Hatz Maximilian H M, Schremser Katharina, Rogowski Wolf H
Hamburg Center for Health Economics, University of Hamburg, 20354, Hamburg, Germany,
Pharmacoeconomics. 2014 May;32(5):443-55. doi: 10.1007/s40273-014-0143-0.
Individualized medicine (IM) is a rapidly evolving field that is associated with both visions of more effective care at lower costs and fears of highly priced, low-value interventions. It is unclear which view is supported by the current evidence.
Our objective was to systematically review the health economic evidence related to IM and to derive general statements on its cost-effectiveness.
A literature search of MEDLINE database for English- and German-language studies was conducted.
Cost-effectiveness and cost-utility studies for technologies meeting the MEDLINE medical subject headings (MeSH) definition of IM (genetically targeted interventions) were reviewed. This was followed by a standardized extraction of general study characteristics and cost-effectiveness results.
Most of the 84 studies included in the synthesis were from the USA (n = 43, 51 %), cost-utility studies (n = 66, 79 %), and published since 2005 (n = 60, 71 %). The results ranged from dominant to dominated. The median value (cost-utility studies) was calculated to be rounded $US22,000 per quality-adjusted life year (QALY) gained (adjusted to $US, year 2008 values), which is equal to the rounded median cost-effectiveness in the peer-reviewed English-language literature according to a recent review. Many studies reported more than one strategy of IM with highly varying cost-effectiveness ratios. Generally, results differed according to test type, and tests for disease prognosis or screening appeared to be more favorable than tests to stratify patients by response or by risk of adverse effects. However, these results were not significant.

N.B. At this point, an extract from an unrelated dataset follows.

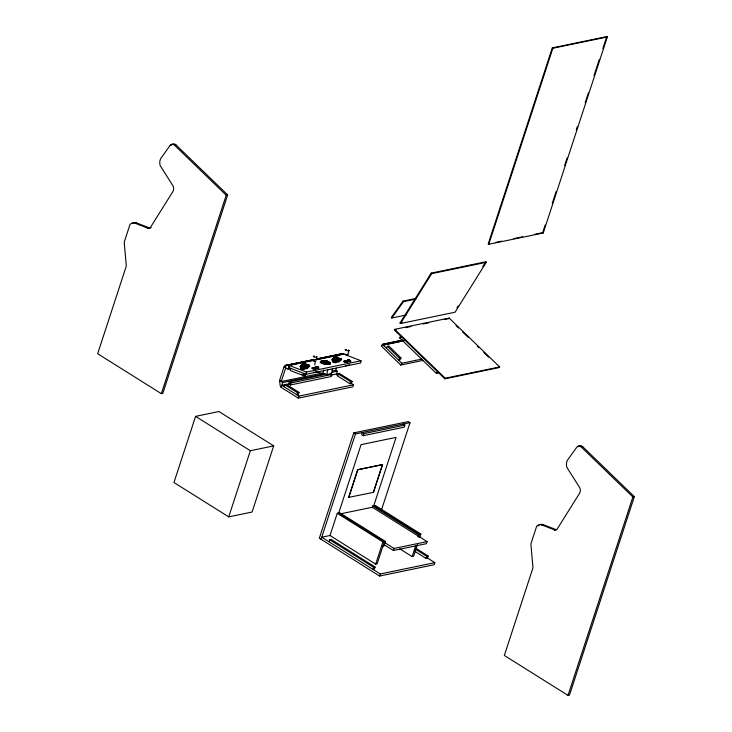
<?xml version="1.0" encoding="UTF-8"?>
<svg xmlns="http://www.w3.org/2000/svg" width="732" height="732" viewBox="0 0 732 732"><rect width="100%" height="100%" fill="white"/><g stroke="black" fill="none" stroke-linecap="round" stroke-linejoin="round"><path stroke-width="1.1" d="M306.918 364.966A1.638 0.467 9.4 0 0 306.745 365.652A1.638 0.467 9.4 0 0 309.206 365.954A1.638 0.467 9.4 0 0 308.52 365.158L309.224 365.753L305.345 365.799L307.898 366.869L304.1 366.924L306.543 367.501L305.271 366.238L307.504 366.329M337.507 360.483A1.638 0.467 9.4 0 0 335.704 360.794A1.638 0.467 9.4 0 0 338.312 361.416A1.638 0.467 9.4 0 0 337.91 360.574C340.426 362.294 333.353 360.501 337.104 360.483M347.16 361.553L346.227 361.901M345.23 353.922C343.948 354.892 349.31 355.349 347.361 354.178M350.253 360.739C349.905 361.581 346.456 360.556 348.066 360.126M290.613 368.278L290.247 370.502L303.798 375.754L305.253 375.452L305.628 373.228M303.798 375.754L304.164 373.53M306.132 374.299L306.498 372.076L361.05 360.766L360.684 362.981L306.132 374.299L288.646 367.519L289.341 365.414L313.836 360.336M314.733 365.003L315.291 361.645M316.032 371.17L316.132 371.764M332.474 368.452L331.623 373.604L326.875 374.592L322.986 374.116L323.672 369.999M326.875 374.592L327.726 369.44M320.424 362.075L321.577 361.196A8.006 6.094 79.1 0 1 329.135 364.216L330.288 363.337L328.549 362.093A8.006 4.676 -68.3 0 0 322.162 363.319L320.424 362.075A8.006 7.613 -15.4 0 1 330.288 363.337M347.91 354.681L349.045 350.445M298.336 398.144L298.985 396.094L353.538 384.785L352.888 386.825L298.336 398.144L281.161 387.365L280.228 385.856L279.551 380.512L284.053 366.741L285.745 367.793L281.234 381.573L279.551 380.512L282.744 382.507L325.054 373.741M161.351 393.66L226.215 195.224L227.67 194.922L162.815 393.358L161.351 393.66L97.658 353.721L126.307 266.055L124.22 242.182L129.957 224.605A6.835 5.28 78.3 0 1 135.246 223.278L136.701 222.976L149.246 227.835L147.782 228.137L135.246 223.278M195.572 416.371L173.951 482.516L228.732 516.874L252.083 512.034L273.704 445.889L218.914 411.53L195.572 416.371L250.353 450.729L273.704 445.889M228.732 516.874L250.353 450.729M282.744 382.507L281.161 387.365L281.829 385.334L289.625 383.724M306.498 372.076L288.381 365.103L286.011 365.268L284.053 366.75L288.069 369.267L289.332 365.414M283.979 386.679L284.647 384.611L286.111 384.309L298.976 392.379L298.299 394.447L296.844 394.749L297.521 392.681L298.976 392.379M325.813 374.29L289.323 381.857L288.646 383.925L290.357 384.995L331.276 376.513L331.953 374.445L330.242 373.375M290.357 384.995L291.034 382.928L331.953 374.445M336.482 368.141L335.787 370.264L332.447 370.95M336.345 374.116L337.296 371.197L335.704 370.2M337.745 373.604L337.068 375.672L349.933 383.742L351.397 383.44L352.074 381.372L339.2 373.302L337.745 373.604L350.61 381.674L352.074 381.372M349.933 383.742L350.61 381.674M381.61 509.527L410.012 422.648L408.3 421.577L353.748 432.887L319.317 538.23L379.615 576.038L434.168 564.729L434.835 562.661L426.198 557.235M321.028 539.301L355.459 433.957L410.012 422.648M382.854 546.31L383.824 546.109L385.361 541.424L339.703 512.793L337.269 513.297L330.013 535.513L375.662 564.143L377.126 563.841L384.382 541.625L338.733 512.995M363.319 435.686L363.987 433.618L404.906 425.136L404.229 427.204L363.319 435.686L361.599 434.616L362.276 432.548L363.987 433.618M329.025 541.826L329.702 539.759L331.166 539.457L375.104 567.007L374.427 569.075L372.963 569.377L373.64 567.309L375.104 567.007M338.605 513.379L361.068 444.644L396.094 437.379L373.622 506.123M348.761 497.476L357.811 469.779L382.562 464.646L373.503 492.343L348.615 497.394L357.673 469.688L382.424 464.564L373.366 492.261M372.167 507.807L372.78 505.931L375.214 505.428L420.863 534.058L419.829 537.233M375.662 564.143L382.928 541.927L385.361 541.424M379.615 576.038L380.292 573.97L434.835 562.661M552.285 47.891L488.207 243.921L488.784 244.278L543.254 232.986L607.331 36.957L606.755 36.6L552.285 47.891L552.852 48.257L607.331 36.957M488.784 244.278L552.852 48.257M393.386 550.519L394.063 548.451L427.085 541.607L426.408 543.675L393.386 550.519L383.778 544.498M417.816 536.437L418.43 534.561L420.863 534.058M399.782 548.826L412.143 556.576L415.602 545.999M418.484 537.169L419.409 534.36L373.75 505.73M417.405 544.635L413.607 556.274L412.143 556.576M426.061 558.37L426.738 556.302L428.193 556L427.515 558.068L426.061 558.37L414.596 551.187M534.909 234.24L542.687 232.63L545.166 225.044M552.248 203.386L556.137 191.473M564.637 165.478L567.108 157.902M576.313 129.738L577.374 126.49M585.161 102.663L588.354 92.918M594.018 75.588L599.325 59.347M602.866 48.513L606.755 36.6M568.023 695.4L632.887 496.964L634.342 496.662L569.487 695.098L568.023 695.4L504.33 655.46L532.988 567.794L530.892 543.922L536.638 526.354A6.835 5.28 78.3 0 1 541.918 525.018L543.382 524.716L556.201 529.657A3.98 3.074 78.3 0 0 556.53 529.703M394.338 329.949L394.676 329.345L449.146 318.054L499.654 366.933L499.316 367.537L444.855 378.828L394.338 329.949L396.561 329.482M437.901 373.164L436.437 373.466L399.663 337.882L400.678 336.079M449.146 318.054L448.798 318.649L444.361 319.573M436.437 373.466L437.462 371.673M444.855 378.828L445.193 378.224L499.654 366.933M402.417 340.078L382.378 344.232L381.345 346.016L400.733 365.039L422.995 360.418M404.165 340.709L383.019 345.092L382.534 344.616L402.655 340.316M383.019 345.092L403.14 340.792M386.331 348.112L387.365 346.327L388.82 346.026L401.026 357.994L399.992 359.778L398.528 360.08L399.562 358.296L401.026 357.994M400.733 365.039L401.767 363.255L421.806 359.101M400.02 322.995L431.212 273.109L485.764 261.8L486.258 262.321L455.066 312.207L400.514 323.517L400.02 322.995L402.243 322.538M400.514 323.517L431.706 273.631L486.258 262.321M456.969 307.852L458.168 305.93M482.763 266.594L485.764 261.8M171.617 145.073L170.153 145.375L160.93 158.24A7.933 6.131 78.3 0 0 160.189 165.615L172.249 184.684A4.978 3.852 78.3 0 1 172.935 191.473L150.472 227.359A3.98 3.074 78.3 0 1 148.065 228.219L147.736 228.128M416.38 298.345L403.021 301.108L391.3 317.45L391.776 317.999L406.251 314.998M391.776 317.999L403.497 301.666L415.739 299.123M312.866 367.601L312.72 368.068M315.089 368.443L314.495 367.729M332.603 359.238L334.012 360.016L334.982 359.522M338.459 358.506C343.948 362.13 331.669 357.948 340.215 359.311C343.564 359.796 333.774 356.475 340.865 358.826M345.907 361.873L347.069 361.434M339.309 354.7L341.487 353.73L343.409 353.922L361.05 360.766M303.387 363.74L304.668 365.012L301.932 364.573L305.82 364.426L305.015 363.877M307.779 366.476L307.266 365.78M312.656 367.757L313.461 367.693M335.732 360.977C334.78 362.651 331.541 359.449 335.906 360.949M350.024 360.547L349.512 359.851L347.59 359.86L350.024 360.547L348.734 360.153M317.615 371.463L316.132 371.472A1.638 0.467 9.4 0 0 317.825 371.517M170.153 145.375A4.154 3.212 78.3 0 1 174.701 145.375L176.165 145.073L227.67 194.922M147.416 228L149.529 227.917A3.98 3.074 78.3 0 0 151.131 227.689M495.994 242.31L501.548 241.157M513.782 238.623L522.675 236.775M405.455 327.643L411.009 326.49M423.233 323.956L428.796 322.803M399.663 337.882L401.118 337.58M382.534 344.616L402.573 340.462M286.011 365.268L314.138 359.467M316.068 359.037L341.963 353.693M285.572 365.469L313.506 359.714M316.746 359.009L342.448 353.712M285.151 365.716L313.982 359.796M316.215 359.33L342.933 353.794M284.757 366.018L288.097 365.323M293.669 364.17L298.116 363.246M321.494 358.396L323.727 357.939M288.856 365.231L313.351 360.153M315.584 359.696L343.409 353.922M316.05 359.879L343.894 354.105M288.069 369.267L291.409 368.58M313.333 372.332L313.543 372.295A1.766 0.503 9.4 0 0 314.678 372.249M281.234 381.573L322.428 373.027M331.733 372.35L337.296 371.197M330.818 375.177L336.381 374.025L338.285 375.223M541.918 525.018L554.746 529.959A3.98 3.074 78.3 0 0 557.144 529.099L579.616 493.212A4.978 3.852 78.3 0 0 578.921 486.423L566.861 467.355A7.933 6.131 78.3 0 1 567.602 459.98L576.834 447.115A4.154 3.212 78.3 0 1 581.382 447.124L582.837 446.822L634.342 496.662M340.38 513.873L372.304 507.249L427.085 541.607M330.608 535.385L321.705 537.233L380.292 573.97M554.087 529.739L555.872 529.565L554.463 529.886M335.494 357.079L334.945 357.253L335.741 357.811M337.672 359.43L337.113 359.714L338.587 360.812L335.951 360.29L339.849 360.153L338.696 359.513M301.2 365.771C299.196 366.622 305.308 367.089 302.572 365.945M307.056 365.039L306.498 365.323L307.303 365.771M302.902 366.229L303.46 365.945L301.968 364.829L304.603 365.35L300.724 365.506L302.902 366.229A2.059 0.586 9.4 0 0 305.088 366.183A2.059 0.586 9.4 0 0 303.963 365.305M345.01 361.068L344.726 361.544M312.848 367.693L313.442 367.565M329.135 364.216L325.767 364.207A8.006 0.997 -82.7 0 0 324.944 361.205L321.394 361.132A5.252 1.491 9.4 0 0 322.373 363.484A5.252 1.491 9.4 0 0 329.839 364.152A5.252 1.491 9.4 0 0 327.57 361.681M344.955 361.032L346.639 361.306M322.373 361.022L324.926 361.132M345.641 360.968L344.571 361.434M314.403 360.537C310.725 360.318 316.572 362.596 315.794 360.931M313.424 367.665L314.147 367.647M322.162 363.319L325.767 364.207M346.291 361.224L345.971 361.141A2.059 0.586 9.4 0 0 343.765 361.626A2.059 0.586 9.4 0 0 347.06 362.404A2.059 0.586 9.4 0 0 346.547 361.343L346.886 361.416M345.22 361.663L344.653 361.544M335.1 361.205C330.105 360.519 337.553 363.045 335.1 361.205A2.059 0.586 9.4 0 1 336.436 360.775M346.346 361.105L346.803 361.425M335.714 357.829C338.504 359.385 331.203 357.783 335.009 357.692A1.638 0.467 9.4 0 0 337.562 358.012A1.638 0.467 9.4 0 0 336.958 357.198M345.248 361.745L344.671 361.452M314.44 367.848L315.208 368.169M302.124 374.235L305.253 375.452M317.13 371.737L322.986 374.116M337.178 357.344L337.672 357.792L335.009 357.692A1.638 0.467 9.4 0 1 335.723 356.996M306.269 367.354C307.815 369.074 301.401 366.705 305.619 367.171A1.638 0.467 9.4 0 0 303.817 367.382A1.638 0.467 9.4 0 0 306.232 368.068A1.638 0.467 9.4 0 0 306.415 367.327M542.687 232.63L543.254 232.986M350.683 382.992L353.538 384.785M403.195 424.066L404.906 425.136M289.323 381.857L291.034 382.928M284.647 384.611L297.521 392.681M281.829 385.334L298.985 396.094M353.748 432.887L355.459 433.957M372.78 505.931L418.43 534.561M415.776 548.213L428.193 556M415.273 549.119L426.738 556.302M384.446 542.43L394.063 548.451M337.269 513.297L382.928 541.927M329.702 539.759L373.64 567.309M332.648 359.092C336.327 360.876 334.744 357.637 332.648 359.092A1.638 0.467 9.4 0 0 332.85 359.805A1.638 0.467 9.4 0 0 335.119 360.08A1.638 0.467 9.4 0 0 334.881 359.385M455.999 325.575L458.452 327.945M462.651 332.053L468.26 337.434M477.246 346.135L478.884 347.718M483.834 352.559L488.692 357.207M581.382 447.124L632.887 496.964M394.676 329.345L445.193 378.224M174.701 145.375L226.215 195.224M387.365 346.327L399.562 358.296M383.101 344.946L401.767 363.255M431.212 273.109L431.706 273.631M403.021 301.108L403.497 301.666M318.191 367.482A2.059 0.586 9.4 0 1 318.246 368.397A2.059 0.586 9.4 0 1 315.163 367.793A2.059 0.586 9.4 0 1 316.178 367.089M309.426 365.927A2.059 0.586 9.4 0 1 307.989 366.641M306.946 366.439A2.059 0.586 9.4 0 1 305.747 365.698A2.059 0.586 9.4 0 1 307.047 365.36M301.245 365.643A2.059 0.586 9.4 0 1 301.941 365.058M303.423 368.233A2.059 0.586 9.4 0 1 304.283 369.239A2.059 0.586 9.4 0 1 301.191 368.864A2.059 0.586 9.4 0 1 301.401 367.995M302.664 365.89A1.638 0.467 9.4 0 1 303.35 366.686A1.638 0.467 9.4 0 1 300.889 366.393A1.638 0.467 9.4 0 1 301.062 365.698M303.78 367.281A2.059 0.586 9.4 0 1 300.449 366.942A2.059 0.586 9.4 0 1 301.191 366.092M303.57 366.659A2.059 0.586 9.4 0 1 303.936 367.153M306.955 367.976A2.059 0.586 9.4 0 1 306.278 368.736A2.059 0.586 9.4 0 1 303.414 367.995M303.286 367.821A2.059 0.586 9.4 0 1 304.119 367.409M306.589 367.803A2.059 0.586 9.4 0 0 306.141 367.656A2.059 0.586 9.4 0 0 308.401 367.574A2.059 0.586 9.4 0 0 307.824 366.778M316.508 356.438A1.967 0.558 9.4 0 1 316.563 357.308A1.967 0.558 9.4 0 1 313.616 356.731A1.967 0.558 9.4 0 1 314.586 356.054M304.704 363.731A1.638 0.467 9.4 0 1 305.93 364.573A1.638 0.467 9.4 0 1 303.441 364.371A1.638 0.467 9.4 0 1 303.505 363.63M305.647 364.426A2.059 0.586 9.4 0 1 306.223 365.213A2.059 0.586 9.4 0 1 304.045 365.231M303.085 364.957A2.059 0.586 9.4 0 1 303.634 364.033M304.896 367.144A2.059 0.586 9.4 0 1 304.96 366.43M314.147 367.931A1.766 0.503 9.4 0 1 315.318 368.891A1.766 0.503 9.4 0 1 312.381 368.425A1.766 0.503 9.4 0 1 313.689 367.857M322.538 361.096A8.006 4.676 87.1 0 1 328.183 364.316M323.681 361.096A8.006 2.937 -87.3 0 1 327.03 364.316M323.251 363.685A8.006 2.937 -73.9 0 1 327.469 361.727M321.293 362.907A8.006 6.094 -60.3 0 1 329.418 362.505M320.698 362.486A8.006 7.091 -46.1 0 1 330.013 362.926M320.488 361.709A8.006 7.613 34.3 0 1 330.233 363.703M320.881 361.407A8.006 7.091 65 0 1 329.839 364.005M324.477 363.987A8.006 1.007 -78.4 0 1 326.188 361.114M348.707 360.08A1.638 0.467 9.4 0 1 350.445 360.931A2.059 0.586 9.4 0 1 349.841 361.782A2.059 0.586 9.4 0 1 346.959 361.096A2.059 0.586 9.4 0 1 348.057 360.446M350.445 360.931A1.638 0.467 9.4 0 1 347.975 360.83A1.638 0.467 9.4 0 1 347.929 360.053M349.704 364.884A1.638 0.467 9.4 0 1 347.984 364.893M346.428 361.398A1.766 0.503 9.4 0 1 346.867 362.313A1.766 0.503 9.4 0 1 344.049 361.645A1.766 0.503 9.4 0 1 345.998 361.297M346.529 365.616A1.766 0.503 9.4 0 1 345.348 365.625M336.272 358.826A2.059 0.586 9.4 0 1 336.848 359.613A2.059 0.586 9.4 0 1 334.67 359.632M333.097 359.019A2.059 0.586 9.4 0 1 333.408 358.479M335.732 361.754A2.059 0.586 9.4 0 1 336.134 362.605A2.059 0.586 9.4 0 1 333.463 362.386A2.059 0.586 9.4 0 1 332.593 361.498M335.055 359.86A2.059 0.586 9.4 0 1 335.238 360.757A2.059 0.586 9.4 0 1 332.237 360.281A2.059 0.586 9.4 0 1 332.575 359.467M338.44 361.178A2.059 0.586 9.4 0 1 338.559 362.084A2.059 0.586 9.4 0 1 335.521 361.535M340.737 358.643A1.638 0.467 9.4 0 1 340.975 359.348A1.638 0.467 9.4 0 1 338.706 359.064A1.638 0.467 9.4 0 1 338.459 358.369M340.911 359.128A2.059 0.586 9.4 0 1 341.487 359.915A2.059 0.586 9.4 0 1 339.309 359.924M338.797 359.805A2.059 0.586 9.4 0 1 338.349 359.659M337.727 359.311A2.059 0.586 9.4 0 1 338.431 358.735M338.23 358.46A2.059 0.586 9.4 0 1 336.427 358.68M334.936 358.323A2.059 0.586 9.4 0 1 335.485 357.399M337.498 357.802A2.059 0.586 9.4 0 1 338.239 358.305M348.697 349.969A1.967 0.558 9.4 0 1 348.13 350.701A1.967 0.558 9.4 0 1 345.376 350.042A1.967 0.558 9.4 0 1 346.428 349.429M338.733 359.458A1.638 0.467 9.4 0 1 339.895 360.327A1.638 0.467 9.4 0 1 337.269 360.007A1.638 0.467 9.4 0 1 337.91 359.357M339.218 359.998A2.059 0.586 9.4 0 1 340.407 360.812A2.059 0.586 9.4 0 1 338.605 361.041M336.747 360.51A2.059 0.586 9.4 0 1 337.662 359.751M538.093 526.043A6.835 5.28 78.3 0 1 538.432 525.658M538.807 525.311A6.835 5.28 78.3 0 1 543.382 524.716M578.289 446.813A4.154 3.212 78.3 0 1 578.582 446.465M578.902 446.172A4.154 3.212 78.3 0 1 582.837 446.822M132.126 223.571A6.835 5.28 78.3 0 1 136.701 222.976M172.23 144.433A4.154 3.212 78.3 0 1 176.165 145.073M301.328 367.848L304.055 368.388L301.328 367.848M301.401 367.4L304.128 367.94L301.401 367.4M303.167 363.438L305.894 363.978L303.167 363.438M306.58 364.774L309.297 365.314L306.58 364.774M315.638 366.942L318.356 367.482L315.638 366.942M315.712 366.503L318.429 367.043L315.712 366.503M333.719 358.287L336.445 358.826L333.719 358.287M335.018 356.813L337.745 357.353L335.018 356.813M314.742 368.461L314.055 368.507L314.733 368.562M315.977 367.427A1.638 0.467 9.4 0 0 318.594 367.528A1.638 0.467 9.4 0 0 316.416 366.686A1.638 0.467 9.4 0 0 315.977 367.427M302.215 365.396A1.638 0.467 9.4 0 0 304.823 365.506A1.638 0.467 9.4 0 0 302.655 364.664A1.638 0.467 9.4 0 0 302.215 365.396M301.675 368.324A1.638 0.467 9.4 0 0 304.283 368.434A1.638 0.467 9.4 0 0 302.115 367.592A1.638 0.467 9.4 0 0 301.675 368.324M305.619 366.723A1.638 0.467 9.4 0 0 308.227 366.823A1.638 0.467 9.4 0 0 306.058 365.982A1.638 0.467 9.4 0 0 305.619 366.723M312.591 368.654A2.059 0.586 9.4 0 0 315.876 368.782A2.059 0.586 9.4 0 0 313.14 367.72A2.059 0.586 9.4 0 0 312.591 368.654M334.067 358.772A1.638 0.467 9.4 0 0 336.674 358.872A1.638 0.467 9.4 0 0 334.506 358.03A1.638 0.467 9.4 0 0 334.067 358.772M333.527 361.7A1.638 0.467 9.4 0 0 336.134 361.8A1.638 0.467 9.4 0 0 333.966 360.958A1.638 0.467 9.4 0 0 333.527 361.7"/></g></svg>

Different definitions of IM could have been used. Quality assessment of the studies was restricted to analyzing transparency.
IM neither seems to display superior cost-effectiveness than other types of medical interventions nor to be economically inferior. Instead, rather than 'whether' healthcare was individualized, the question of 'how' it was individualized was of economic relevance.
个体化医疗(IM)是一个快速发展的领域,它既带来了以更低成本提供更有效治疗的愿景,也引发了对高价、低价值干预措施的担忧。目前尚不清楚现有证据支持哪种观点。
我们的目的是系统回顾与个体化医疗相关的卫生经济学证据,并得出关于其成本效益的一般性结论。
对MEDLINE数据库进行了文献检索,以查找英语和德语研究。
对符合MEDLINE医学主题词(MeSH)定义的个体化医疗(基因靶向干预)技术的成本效益和成本效用研究进行了综述。随后对一般研究特征和成本效益结果进行了标准化提取。
纳入综合分析的84项研究中,大多数来自美国(n = 43,51%),是成本效用研究(n = 66,79%),且自2005年以来发表(n = 60,71%)。结果从占优到被占优不等。计算得出的中位数价值(成本效用研究)为每获得一个质量调整生命年(QALY)约22,000美元(根据2008年美元价值进行调整),这与最近一项综述中同行评审的英语文献中的中位数成本效益大致相当。许多研究报告了不止一种个体化医疗策略,其成本效益比差异很大。一般来说,结果因测试类型而异,疾病预后或筛查测试似乎比根据反应或不良反应风险对患者进行分层的测试更具优势。然而,这些结果并不显著。
可能使用了不同的个体化医疗定义。研究的质量评估仅限于分析透明度。
个体化医疗似乎既不比其他类型的医疗干预具有更高的成本效益,也不具有经济劣势。相反,与其关注医疗是否个体化,“如何”实现个体化的问题在经济上更具相关性。